# 4health grain free canned :)



## BeBe67 (May 13, 2015)

I tried a can of 4health grain free chicken (canned) as a topper for my poodles kibble and they LOVE it. I only use about a TBS or so as a topper/mixer. Their appetites have improved. 
Brandies eye stains are looking better and she is not chewing herself. Luna isn't having the ear goo like before. They successfully switched over to a grain free kibble without any issues.  Brandie has been more playful and frisky lately. She is 9 now, so I love to see her playing! 

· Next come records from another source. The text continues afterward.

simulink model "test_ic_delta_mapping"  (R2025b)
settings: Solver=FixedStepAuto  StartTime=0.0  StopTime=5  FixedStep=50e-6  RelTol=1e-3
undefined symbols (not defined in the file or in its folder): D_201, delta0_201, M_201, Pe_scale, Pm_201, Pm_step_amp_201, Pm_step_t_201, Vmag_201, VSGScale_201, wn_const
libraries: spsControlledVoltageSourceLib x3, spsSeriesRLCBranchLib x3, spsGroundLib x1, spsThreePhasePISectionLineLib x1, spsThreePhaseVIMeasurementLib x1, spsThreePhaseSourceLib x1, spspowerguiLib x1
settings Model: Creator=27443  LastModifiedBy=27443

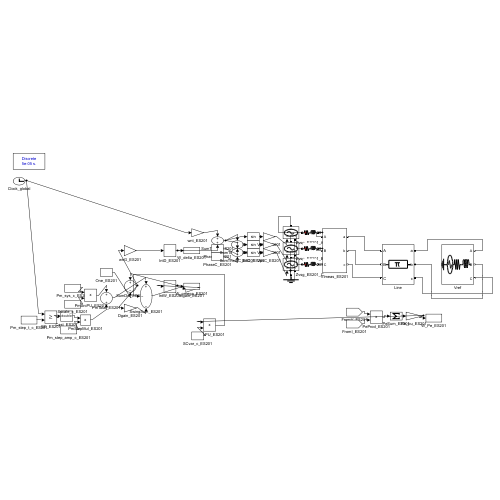
[thumbnail: Simulink's stored preview of the top-level diagram]
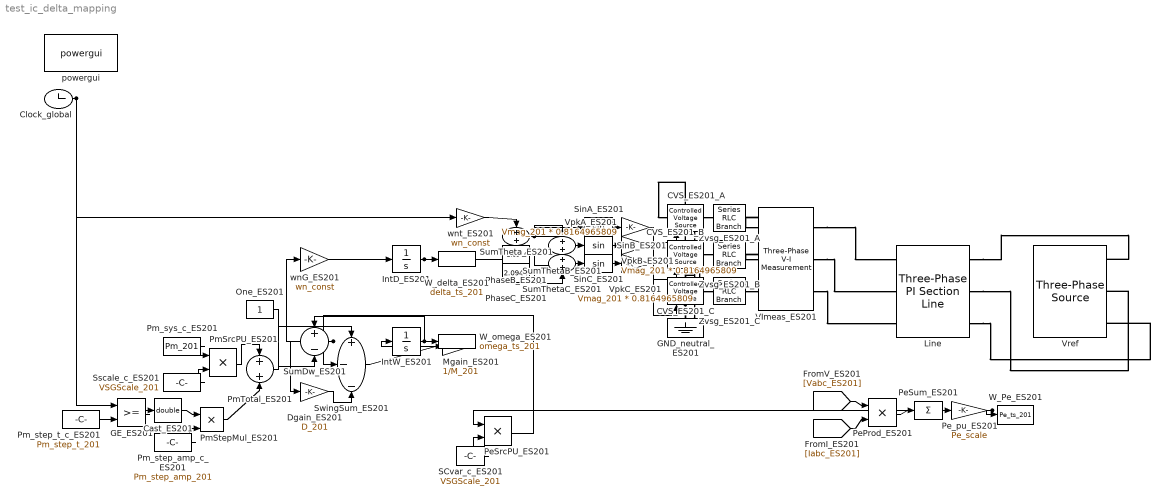
== system test_ic_delta_mapping ==
  CVS_ES201_A : spsControlledVoltageSourceLib/Controlled Voltage Source  Initialize=on  Source_Type=AC  Amplitude=0  Phase=0  Frequency=0  Measurements=None
  CVS_ES201_B : spsControlledVoltageSourceLib/Controlled Voltage Source  Initialize=on  Source_Type=AC  Amplitude=0  Phase=0  Frequency=0  Measurements=None
  CVS_ES201_C : spsControlledVoltageSourceLib/Controlled Voltage Source  Initialize=on  Source_Type=AC  Amplitude=0  Phase=0  Frequency=0  Measurements=None
  Cast_ES201 : DataTypeConversion  OutDataTypeStr=double  SaturateOnIntegerOverflow=off  RndMeth=Floor
  Clock_global : Clock
  Dgain_ES201 : Gain  Gain=D_201
  GE_ES201 : RelationalOperator  OutDataTypeStr=boolean  RndMeth=Simplest  InputSameDT=off
  GND_neutral_ES201 : spsGroundLib/Ground  LConnTagsString=a
  IntD_ES201 : Integrator  InitialCondition=delta0_201
  IntW_ES201 : Integrator  InitialCondition=1
  Line : spsThreePhasePISectionLineLib/Three-Phase PI Section Line  LConnTagsString=a|b|c  RConnTagsString=A|B|C  Length=1  Frequency=50  Resistances=[0.053 0.159]  Inductances=[0.00141 0.00423]  Capacitances=[9e-09 5.4e-09]
  Mgain_ES201 : Gain  Gain=1/M_201
  One_ES201 : Constant
  PeProd_ES201 : Product
  PeSrcPU_ES201 : Product
  PeSum_ES201 : Sum  Inputs=+
  Pe_pu_ES201 : Gain  Gain=Pe_scale
  PhaseB_ES201 : Constant  Value=-2.0944
  PhaseC_ES201 : Constant  Value=2.0944
  PmSrcPU_ES201 : Product
  PmStepMul_ES201 : Product
  PmTotal_ES201 : Sum
  Pm_step_amp_c_ES201 : Constant  Value=Pm_step_amp_201
  Pm_step_t_c_ES201 : Constant  Value=Pm_step_t_201
  Pm_sys_c_ES201 : Constant  Value=Pm_201
  SCvar_c_ES201 : Constant  Value=VSGScale_201
  SinA_ES201 : Trigonometry
  SinB_ES201 : Trigonometry
  SinC_ES201 : Trigonometry
  Sscale_c_ES201 : Constant  Value=VSGScale_201
  SumDw_ES201 : Sum  Inputs=+-
  SumThetaB_ES201 : Sum
  SumThetaC_ES201 : Sum
  SumTheta_ES201 : Sum
  SwingSum_ES201 : Sum  Inputs=+--
  VImeas_ES201 : spsThreePhaseVIMeasurementLib/Three-Phase V-I Measurement  VoltageMeasurement=phase-to-ground  SetLabelV=on  LabelV=Vabc_ES201  Vpu=off  VpuLL=off  CurrentMeasurement=yes  SetLabelI=on  LabelI=Iabc_ES201  Ipu=off  Pbase=100e6  Vbase=500e3  OutputType=Complex  PhasorSimulation=off  PSBequivalent=0
  VpkA_ES201 : Gain  Gain=Vmag_201 * 0.8164965809
  VpkB_ES201 : Gain  Gain=Vmag_201 * 0.8164965809
  VpkC_ES201 : Gain  Gain=Vmag_201 * 0.8164965809
  Vref : spsThreePhaseSourceLib/Three-Phase Source  InternalConnection=Yg  VoltagePhases=off  Voltage=230000  PhaseAngle=0  Voltage_phases=[25e3 25e3 25e3]/sqrt(3)  PhaseAngles_phases=[0 -120 +120]  Frequency=50  NonIdealSource=on  SpecifyImpedance=on  Resistance=0.8929  Inductance=16.58e-3  ShortCircuitLevel=100000e6  BaseVoltage=230000  XRratio=7  BusType=swing  Pref=10e3  Qref=0  Prefabc=[10e3, 10e3, 10e3]  Qrefabc=[0, 0, 0]  Qmin=-inf  Qmax=inf
  W_Pe_ES201 : ToWorkspace  VariableName=Pe_ts_201  SaveFormat=Timeseries  SampleTime=-1
  W_delta_ES201 : ToWorkspace  VariableName=delta_ts_201  SaveFormat=Timeseries  SampleTime=-1
  W_omega_ES201 : ToWorkspace  VariableName=omega_ts_201  SaveFormat=Timeseries  SampleTime=-1
  Zvsg_ES201_A : spsSeriesRLCBranchLib/Series RLC Branch  LConnTagsString=__new0  RConnTagsString=__new0  BranchType=RL  Resistance=0.7935  Inductance=0.25258  SetiL0=off  InitialCurrent=0  Capacitance=1e-6  Setx0=off  InitialVoltage=0  Measurements=None
  Zvsg_ES201_B : spsSeriesRLCBranchLib/Series RLC Branch  LConnTagsString=__new0  RConnTagsString=__new0  BranchType=RL  Resistance=0.7935  Inductance=0.25258  SetiL0=off  InitialCurrent=0  Capacitance=1e-6  Setx0=off  InitialVoltage=0  Measurements=None
  Zvsg_ES201_C : spsSeriesRLCBranchLib/Series RLC Branch  LConnTagsString=__new0  RConnTagsString=__new0  BranchType=RL  Resistance=0.7935  Inductance=0.25258  SetiL0=off  InitialCurrent=0  Capacitance=1e-6  Setx0=off  InitialVoltage=0  Measurements=None
  powergui : spspowerguiLib/powergui  Priority=1  SimulationMode=Discrete  SampleTime=50e-6  frequency=60  Iterations=50  frequencyindice=60  Pbase=100e6  ErrMax=1e-4  UnitsV=kV  UnitsW=MW  buscounter=0  FunctionMessages=off  echomessages=off  EnableUseOfTLC=off  CurrentSourceSwitches=off  DisableSnubberDevices=off  DisableRonSwitches=off  DisableVfSwitches=off  DisplayEquations=off  AutomaticDiscreteSolvers=off  SolverType=Tustin/Backward Euler (TBE)  Interpol=off  ExternalGateDelay=off  methode=off  Ts=100  x0status=blocks  SPID=on  SwTol=0  HookPort=off  NonlinearTolerance=1e-4  nMaxIteration=100  ContinueOnMaxIteration=off  RestoreLinks=warning  ResistiveCurrentMeasurement=off  Frange=[0:2:500]  Ylog=off  Xlog=on  ShowGrid=off  save=off  variable=ZData  structure=0  ZoomFFT=off  StartTime=0.0  cycles=1  DisplayStyle=1  fundamental=60  FreqAxis=off  MaxFrequency=1000  frequencyindicesteady=1  RmsSteady=1  display=off
  wnG_ES201 : Gain  Gain=wn_const
  wnt_ES201 : Gain  Gain=wn_const
  wires:
  Clock_global/1 -> GE_ES201/1, wnt_ES201/1
  Pm_step_t_c_ES201/1 -> GE_ES201/2
  GE_ES201/1 -> Cast_ES201/1
  Cast_ES201/1 -> PmStepMul_ES201/1
  Pm_step_amp_c_ES201/1 -> PmStepMul_ES201/2
  Pm_sys_c_ES201/1 -> PmSrcPU_ES201/1
  Sscale_c_ES201/1 -> PmSrcPU_ES201/2
  PmSrcPU_ES201/1 -> PmTotal_ES201/1
  PmStepMul_ES201/1 -> PmTotal_ES201/2
  IntW_ES201/1 -> SumDw_ES201/1, W_omega_ES201/1
  One_ES201/1 -> SumDw_ES201/2
  SumDw_ES201/1 -> Dgain_ES201/1, wnG_ES201/1
  PmTotal_ES201/1 -> SwingSum_ES201/1
  Dgain_ES201/1 -> SwingSum_ES201/3
  SwingSum_ES201/1 -> Mgain_ES201/1
  Mgain_ES201/1 -> IntW_ES201/1
  wnG_ES201/1 -> IntD_ES201/1
  wnt_ES201/1 -> SumTheta_ES201/1
  IntD_ES201/1 -> SumTheta_ES201/2, W_delta_ES201/1
  SumTheta_ES201/1 -> SumThetaB_ES201/1, SumThetaC_ES201/1, SinA_ES201/1
  PhaseB_ES201/1 -> SumThetaB_ES201/2
  PhaseC_ES201/1 -> SumThetaC_ES201/2
  SumThetaB_ES201/1 -> SinB_ES201/1
  SumThetaC_ES201/1 -> SinC_ES201/1
  SinA_ES201/1 -> VpkA_ES201/1
  SinB_ES201/1 -> VpkB_ES201/1
  SinC_ES201/1 -> VpkC_ES201/1
  VpkA_ES201/1 -> CVS_ES201_A/1
  VpkB_ES201/1 -> CVS_ES201_B/1
  VpkC_ES201/1 -> CVS_ES201_C/1
  [Vabc_ES201] -> PeProd_ES201/1
  [Iabc_ES201] -> PeProd_ES201/2
  PeProd_ES201/1 -> PeSum_ES201/1
  PeSum_ES201/1 -> Pe_pu_ES201/1
  Pe_pu_ES201/1 -> PeSrcPU_ES201/1, W_Pe_ES201/1
  SCvar_c_ES201/1 -> PeSrcPU_ES201/2
  PeSrcPU_ES201/1 -> SwingSum_ES201/2
  connections:
  CVS_ES201_A/LConn1 -- CVS_ES201_B/LConn1 -- GND_neutral_ES201/LConn1 -- CVS_ES201_C/LConn1
  CVS_ES201_A/RConn1 -- Zvsg_ES201_A/LConn1
  CVS_ES201_B/RConn1 -- Zvsg_ES201_B/LConn1
  CVS_ES201_C/RConn1 -- Zvsg_ES201_C/LConn1
  Zvsg_ES201_A/RConn1 -- VImeas_ES201/LConn1
  Zvsg_ES201_B/RConn1 -- VImeas_ES201/LConn2
  Zvsg_ES201_C/RConn1 -- VImeas_ES201/LConn3
  VImeas_ES201/RConn1 -- Line/LConn1
  VImeas_ES201/RConn2 -- Line/LConn2
  VImeas_ES201/RConn3 -- Line/LConn3
  Line/RConn1 -- Vref/RConn1
  Line/RConn2 -- Vref/RConn2
  Line/RConn3 -- Vref/RConn3

Ideal Balance grain free from Hills. And the 4health canned grain free chicken. I know a lot of people don't like anything from Diamond or Science Diet but its working well for us. 

BeBe


----------



## Coldbrew (Jun 17, 2015)

Good to know!

If we switch to grain free it will be the 4health brand (and probably some Fromm thrown in for variety), but will probably be the dry food rather than the canned.

I only wish we had a TSC closer!


----------



## BorderKelpie (Dec 3, 2011)

I switched several of my dogs to 4Health grain free. I have seen improvements in coat, poop and in one case, attitude. 

And! I just found out they are opening a TSC in the town next to me!!!! 7 minutes away - can not wait!!!


----------